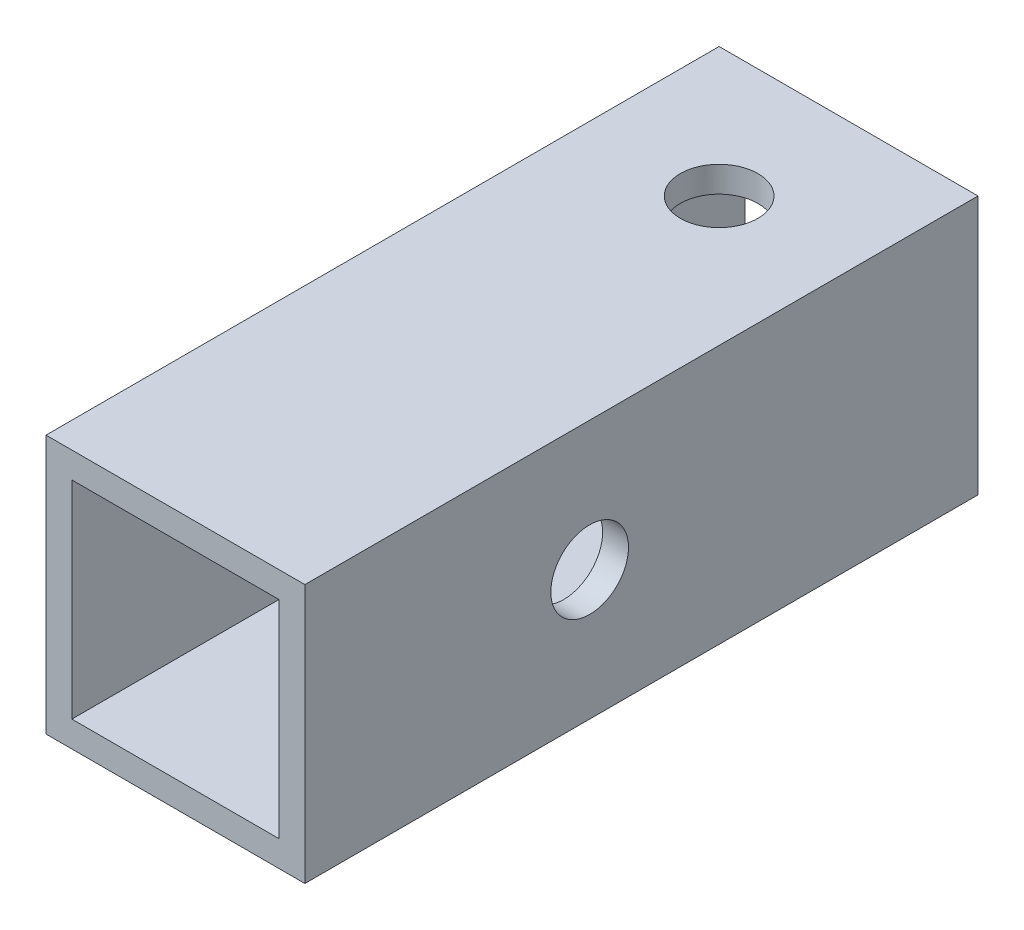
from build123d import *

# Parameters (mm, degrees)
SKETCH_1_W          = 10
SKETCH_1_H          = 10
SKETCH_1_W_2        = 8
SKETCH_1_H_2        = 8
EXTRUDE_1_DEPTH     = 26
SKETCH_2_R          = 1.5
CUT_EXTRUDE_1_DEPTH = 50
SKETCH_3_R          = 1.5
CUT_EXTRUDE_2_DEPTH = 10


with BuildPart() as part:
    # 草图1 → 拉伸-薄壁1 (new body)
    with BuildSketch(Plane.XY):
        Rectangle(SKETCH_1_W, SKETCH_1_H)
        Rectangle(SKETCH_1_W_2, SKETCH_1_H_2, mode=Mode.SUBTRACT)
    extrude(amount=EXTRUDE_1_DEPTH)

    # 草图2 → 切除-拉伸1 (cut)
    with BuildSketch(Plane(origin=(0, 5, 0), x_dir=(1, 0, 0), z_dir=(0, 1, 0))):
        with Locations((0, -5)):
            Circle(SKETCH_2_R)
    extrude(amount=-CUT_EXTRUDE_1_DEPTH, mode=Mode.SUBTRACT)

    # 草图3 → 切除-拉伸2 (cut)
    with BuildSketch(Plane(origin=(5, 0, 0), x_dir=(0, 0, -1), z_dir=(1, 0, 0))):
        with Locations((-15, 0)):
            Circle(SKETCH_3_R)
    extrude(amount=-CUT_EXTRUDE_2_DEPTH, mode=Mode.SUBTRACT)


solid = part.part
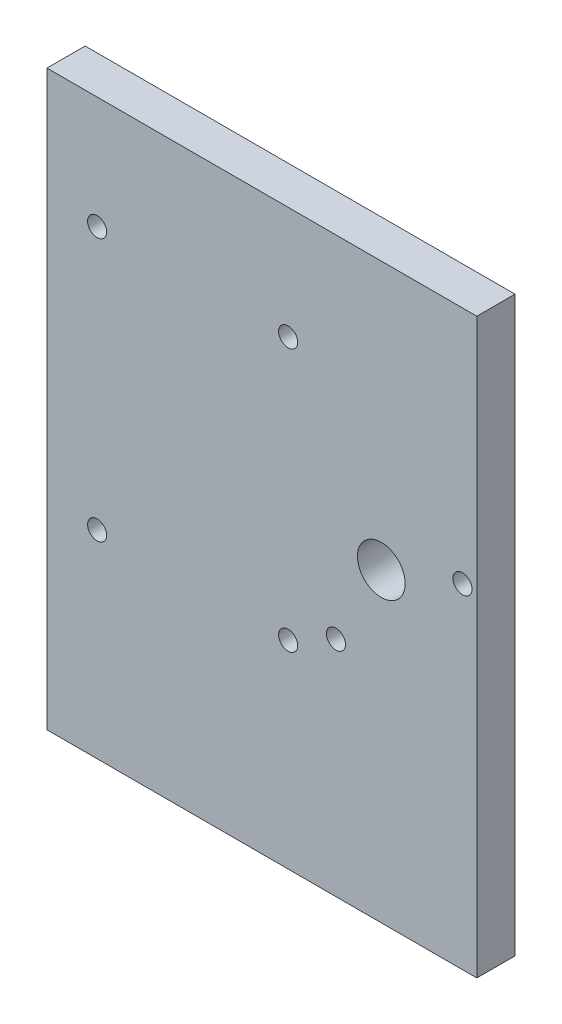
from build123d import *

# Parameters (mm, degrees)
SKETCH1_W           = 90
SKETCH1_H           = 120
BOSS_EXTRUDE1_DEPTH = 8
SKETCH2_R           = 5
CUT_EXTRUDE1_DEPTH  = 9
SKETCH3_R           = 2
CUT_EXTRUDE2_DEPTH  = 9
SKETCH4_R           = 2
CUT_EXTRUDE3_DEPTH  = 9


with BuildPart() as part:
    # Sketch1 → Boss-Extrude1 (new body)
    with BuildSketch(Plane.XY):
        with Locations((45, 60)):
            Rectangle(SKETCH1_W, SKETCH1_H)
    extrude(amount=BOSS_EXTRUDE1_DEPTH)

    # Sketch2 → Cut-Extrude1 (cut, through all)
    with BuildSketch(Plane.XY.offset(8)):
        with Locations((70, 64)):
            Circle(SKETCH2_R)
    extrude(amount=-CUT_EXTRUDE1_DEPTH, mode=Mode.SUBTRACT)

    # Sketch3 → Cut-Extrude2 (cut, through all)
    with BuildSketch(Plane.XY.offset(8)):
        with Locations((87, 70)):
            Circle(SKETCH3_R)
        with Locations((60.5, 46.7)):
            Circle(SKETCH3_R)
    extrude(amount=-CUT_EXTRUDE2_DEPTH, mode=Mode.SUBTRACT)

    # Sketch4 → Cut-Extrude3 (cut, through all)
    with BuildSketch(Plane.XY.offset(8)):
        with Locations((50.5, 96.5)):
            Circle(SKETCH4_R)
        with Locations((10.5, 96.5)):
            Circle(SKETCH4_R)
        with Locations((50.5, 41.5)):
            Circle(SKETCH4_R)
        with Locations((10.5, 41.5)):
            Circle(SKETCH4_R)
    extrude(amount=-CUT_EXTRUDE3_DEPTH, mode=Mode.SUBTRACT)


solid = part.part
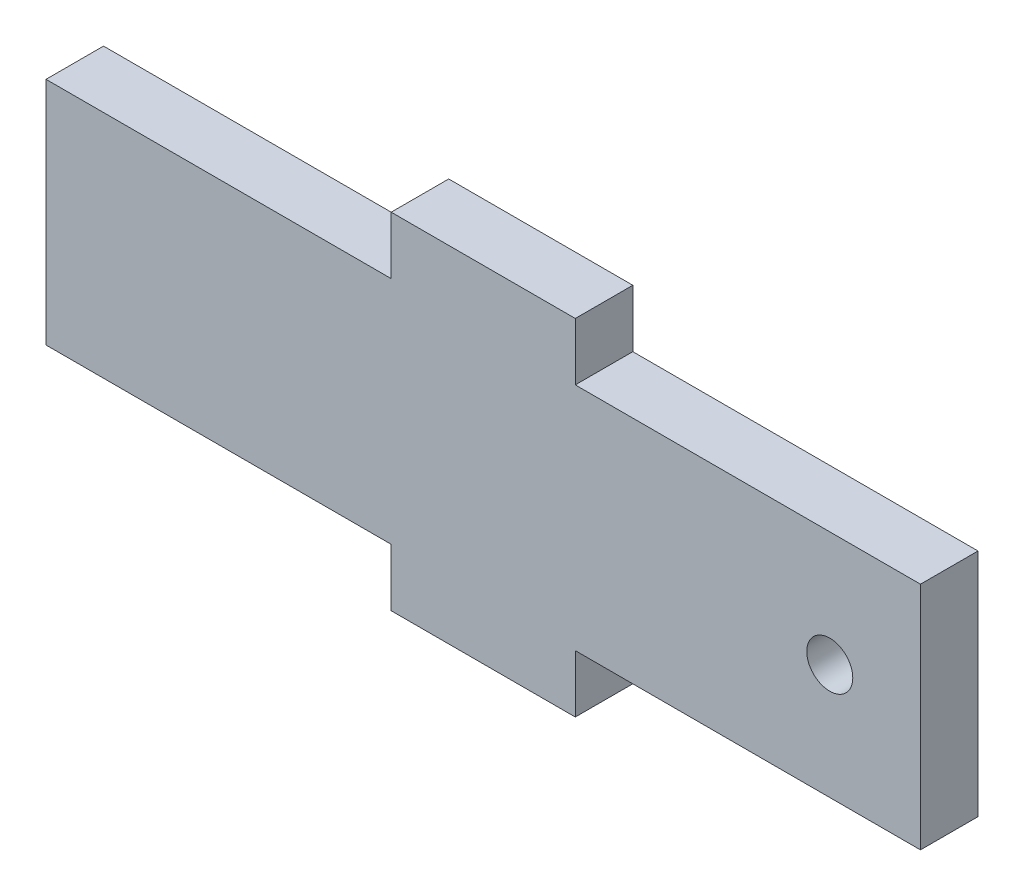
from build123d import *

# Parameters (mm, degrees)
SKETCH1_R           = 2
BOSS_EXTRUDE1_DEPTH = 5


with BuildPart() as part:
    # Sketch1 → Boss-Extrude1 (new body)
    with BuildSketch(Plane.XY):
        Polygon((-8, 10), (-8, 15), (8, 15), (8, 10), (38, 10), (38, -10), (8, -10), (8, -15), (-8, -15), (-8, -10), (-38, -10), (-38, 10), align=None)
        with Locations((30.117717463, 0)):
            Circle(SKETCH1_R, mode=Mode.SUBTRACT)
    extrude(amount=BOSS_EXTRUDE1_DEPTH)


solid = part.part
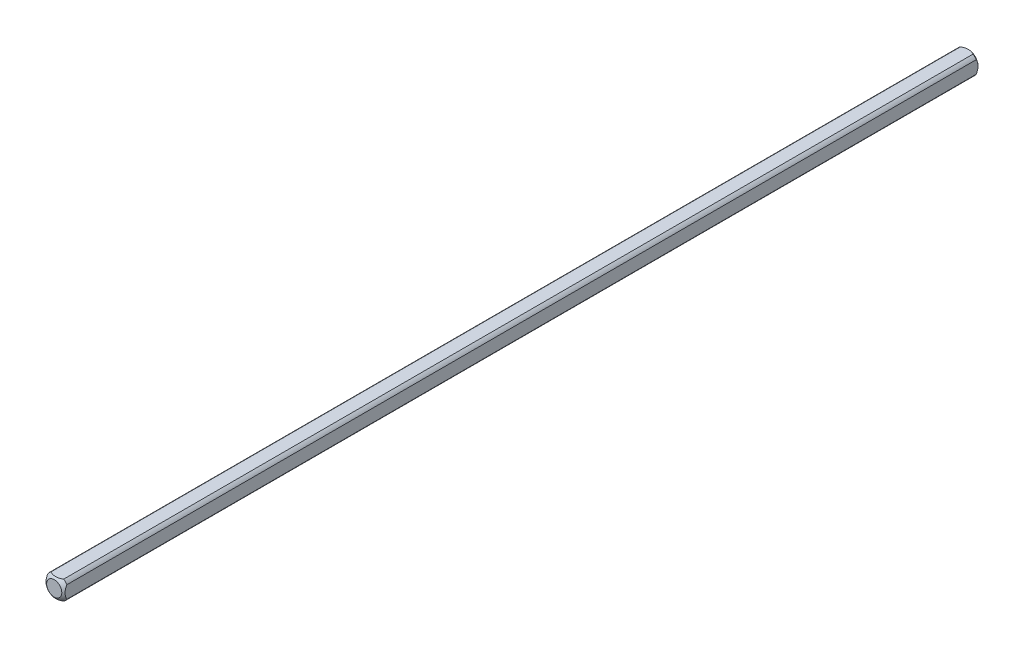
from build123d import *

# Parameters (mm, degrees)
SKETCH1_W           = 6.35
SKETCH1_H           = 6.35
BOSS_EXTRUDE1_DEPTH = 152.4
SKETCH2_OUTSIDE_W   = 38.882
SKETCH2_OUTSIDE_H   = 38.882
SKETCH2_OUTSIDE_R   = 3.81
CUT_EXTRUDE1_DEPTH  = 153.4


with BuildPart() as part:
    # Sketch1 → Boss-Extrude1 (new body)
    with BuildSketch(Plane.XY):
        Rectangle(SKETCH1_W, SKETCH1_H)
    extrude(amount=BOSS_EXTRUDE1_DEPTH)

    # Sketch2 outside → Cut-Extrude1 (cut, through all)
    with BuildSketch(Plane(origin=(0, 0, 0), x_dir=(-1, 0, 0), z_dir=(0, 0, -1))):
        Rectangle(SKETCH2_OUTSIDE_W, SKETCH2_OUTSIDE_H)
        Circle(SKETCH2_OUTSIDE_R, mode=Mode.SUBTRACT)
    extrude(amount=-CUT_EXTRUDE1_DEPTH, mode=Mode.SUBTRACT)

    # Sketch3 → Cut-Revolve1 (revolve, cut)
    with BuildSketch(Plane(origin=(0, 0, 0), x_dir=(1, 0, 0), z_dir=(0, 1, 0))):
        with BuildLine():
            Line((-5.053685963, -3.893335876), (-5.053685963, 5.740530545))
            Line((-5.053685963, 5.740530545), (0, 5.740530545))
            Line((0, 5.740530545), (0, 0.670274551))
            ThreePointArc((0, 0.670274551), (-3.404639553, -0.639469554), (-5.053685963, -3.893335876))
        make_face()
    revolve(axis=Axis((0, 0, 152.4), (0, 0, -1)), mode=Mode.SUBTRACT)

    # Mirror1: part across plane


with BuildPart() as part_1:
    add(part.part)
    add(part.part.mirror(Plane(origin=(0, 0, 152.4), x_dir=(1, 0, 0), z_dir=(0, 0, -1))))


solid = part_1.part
+ + + + + + +
- Task item
The result should be the full material above, word for word, with its pictures omitted.

- Task answer
from build123d import *

# Parameters (mm, degrees)
SKETCH_1_W          = 10
SKETCH_1_H          = 10
SKETCH_1_W_2        = 8
SKETCH_1_H_2        = 8
EXTRUDE_1_DEPTH     = 26
SKETCH_2_R          = 1.5
CUT_EXTRUDE_1_DEPTH = 50
SKETCH_3_R          = 1.5
CUT_EXTRUDE_2_DEPTH = 10


with BuildPart() as part:
    # 草图1 → 拉伸-薄壁1 (new body)
    with BuildSketch(Plane.XY):
        Rectangle(SKETCH_1_W, SKETCH_1_H)
        Rectangle(SKETCH_1_W_2, SKETCH_1_H_2, mode=Mode.SUBTRACT)
    extrude(amount=EXTRUDE_1_DEPTH)

    # 草图2 → 切除-拉伸1 (cut)
    with BuildSketch(Plane(origin=(0, 5, 0), x_dir=(1, 0, 0), z_dir=(0, 1, 0))):
        with Locations((0, -5)):
            Circle(SKETCH_2_R)
    extrude(amount=-CUT_EXTRUDE_1_DEPTH, mode=Mode.SUBTRACT)

    # 草图3 → 切除-拉伸2 (cut)
    with BuildSketch(Plane(origin=(5, 0, 0), x_dir=(0, 0, -1), z_dir=(1, 0, 0))):
        with Locations((-15, 0)):
            Circle(SKETCH_3_R)
    extrude(amount=-CUT_EXTRUDE_2_DEPTH, mode=Mode.SUBTRACT)


solid = part.part
from build123d import *

# Parameters (mm, degrees)
SKETCH1_W           = 90
SKETCH1_H           = 120
BOSS_EXTRUDE1_DEPTH = 8
SKETCH2_R           = 5
CUT_EXTRUDE1_DEPTH  = 9
SKETCH3_R           = 2
CUT_EXTRUDE2_DEPTH  = 9
SKETCH4_R           = 2
CUT_EXTRUDE3_DEPTH  = 9


with BuildPart() as part:
    # Sketch1 → Boss-Extrude1 (new body)
    with BuildSketch(Plane.XY):
        with Locations((45, 60)):
            Rectangle(SKETCH1_W, SKETCH1_H)
    extrude(amount=BOSS_EXTRUDE1_DEPTH)

    # Sketch2 → Cut-Extrude1 (cut, through all)
    with BuildSketch(Plane.XY.offset(8)):
        with Locations((70, 64)):
            Circle(SKETCH2_R)
    extrude(amount=-CUT_EXTRUDE1_DEPTH, mode=Mode.SUBTRACT)

    # Sketch3 → Cut-Extrude2 (cut, through all)
    with BuildSketch(Plane.XY.offset(8)):
        with Locations((87, 70)):
            Circle(SKETCH3_R)
        with Locations((60.5, 46.7)):
            Circle(SKETCH3_R)
    extrude(amount=-CUT_EXTRUDE2_DEPTH, mode=Mode.SUBTRACT)

    # Sketch4 → Cut-Extrude3 (cut, through all)
    with BuildSketch(Plane.XY.offset(8)):
        with Locations((50.5, 96.5)):
            Circle(SKETCH4_R)
        with Locations((10.5, 96.5)):
            Circle(SKETCH4_R)
        with Locations((50.5, 41.5)):
            Circle(SKETCH4_R)
        with Locations((10.5, 41.5)):
            Circle(SKETCH4_R)
    extrude(amount=-CUT_EXTRUDE3_DEPTH, mode=Mode.SUBTRACT)


solid = part.part
from build123d import *

# Parameters (mm, degrees)
SKETCH1_R           = 2
BOSS_EXTRUDE1_DEPTH = 5


with BuildPart() as part:
    # Sketch1 → Boss-Extrude1 (new body)
    with BuildSketch(Plane.XY):
        Polygon((-8, 10), (-8, 15), (8, 15), (8, 10), (38, 10), (38, -10), (8, -10), (8, -15), (-8, -15), (-8, -10), (-38, -10), (-38, 10), align=None)
        with Locations((30.117717463, 0)):
            Circle(SKETCH1_R, mode=Mode.SUBTRACT)
    extrude(amount=BOSS_EXTRUDE1_DEPTH)


solid = part.part
from build123d import *

# Parameters (mm, degrees)
SKETCH1_W           = 6.35
SKETCH1_H           = 6.35
BOSS_EXTRUDE1_DEPTH = 152.4
SKETCH2_OUTSIDE_W   = 38.882
SKETCH2_OUTSIDE_H   = 38.882
SKETCH2_OUTSIDE_R   = 3.81
CUT_EXTRUDE1_DEPTH  = 153.4


with BuildPart() as part:
    # Sketch1 → Boss-Extrude1 (new body)
    with BuildSketch(Plane.XY):
        Rectangle(SKETCH1_W, SKETCH1_H)
    extrude(amount=BOSS_EXTRUDE1_DEPTH)

    # Sketch2 outside → Cut-Extrude1 (cut, through all)
    with BuildSketch(Plane(origin=(0, 0, 0), x_dir=(-1, 0, 0), z_dir=(0, 0, -1))):
        Rectangle(SKETCH2_OUTSIDE_W, SKETCH2_OUTSIDE_H)
        Circle(SKETCH2_OUTSIDE_R, mode=Mode.SUBTRACT)
    extrude(amount=-CUT_EXTRUDE1_DEPTH, mode=Mode.SUBTRACT)

    # Sketch3 → Cut-Revolve1 (revolve, cut)
    with BuildSketch(Plane(origin=(0, 0, 0), x_dir=(1, 0, 0), z_dir=(0, 1, 0))):
        with BuildLine():
            Line((-5.053685963, -3.893335876), (-5.053685963, 5.740530545))
            Line((-5.053685963, 5.740530545), (0, 5.740530545))
            Line((0, 5.740530545), (0, 0.670274551))
            ThreePointArc((0, 0.670274551), (-3.404639553, -0.639469554), (-5.053685963, -3.893335876))
        make_face()
    revolve(axis=Axis((0, 0, 152.4), (0, 0, -1)), mode=Mode.SUBTRACT)

    # Mirror1: part across plane


with BuildPart() as part_1:
    add(part.part)
    add(part.part.mirror(Plane(origin=(0, 0, 152.4), x_dir=(1, 0, 0), z_dir=(0, 0, -1))))


solid = part_1.part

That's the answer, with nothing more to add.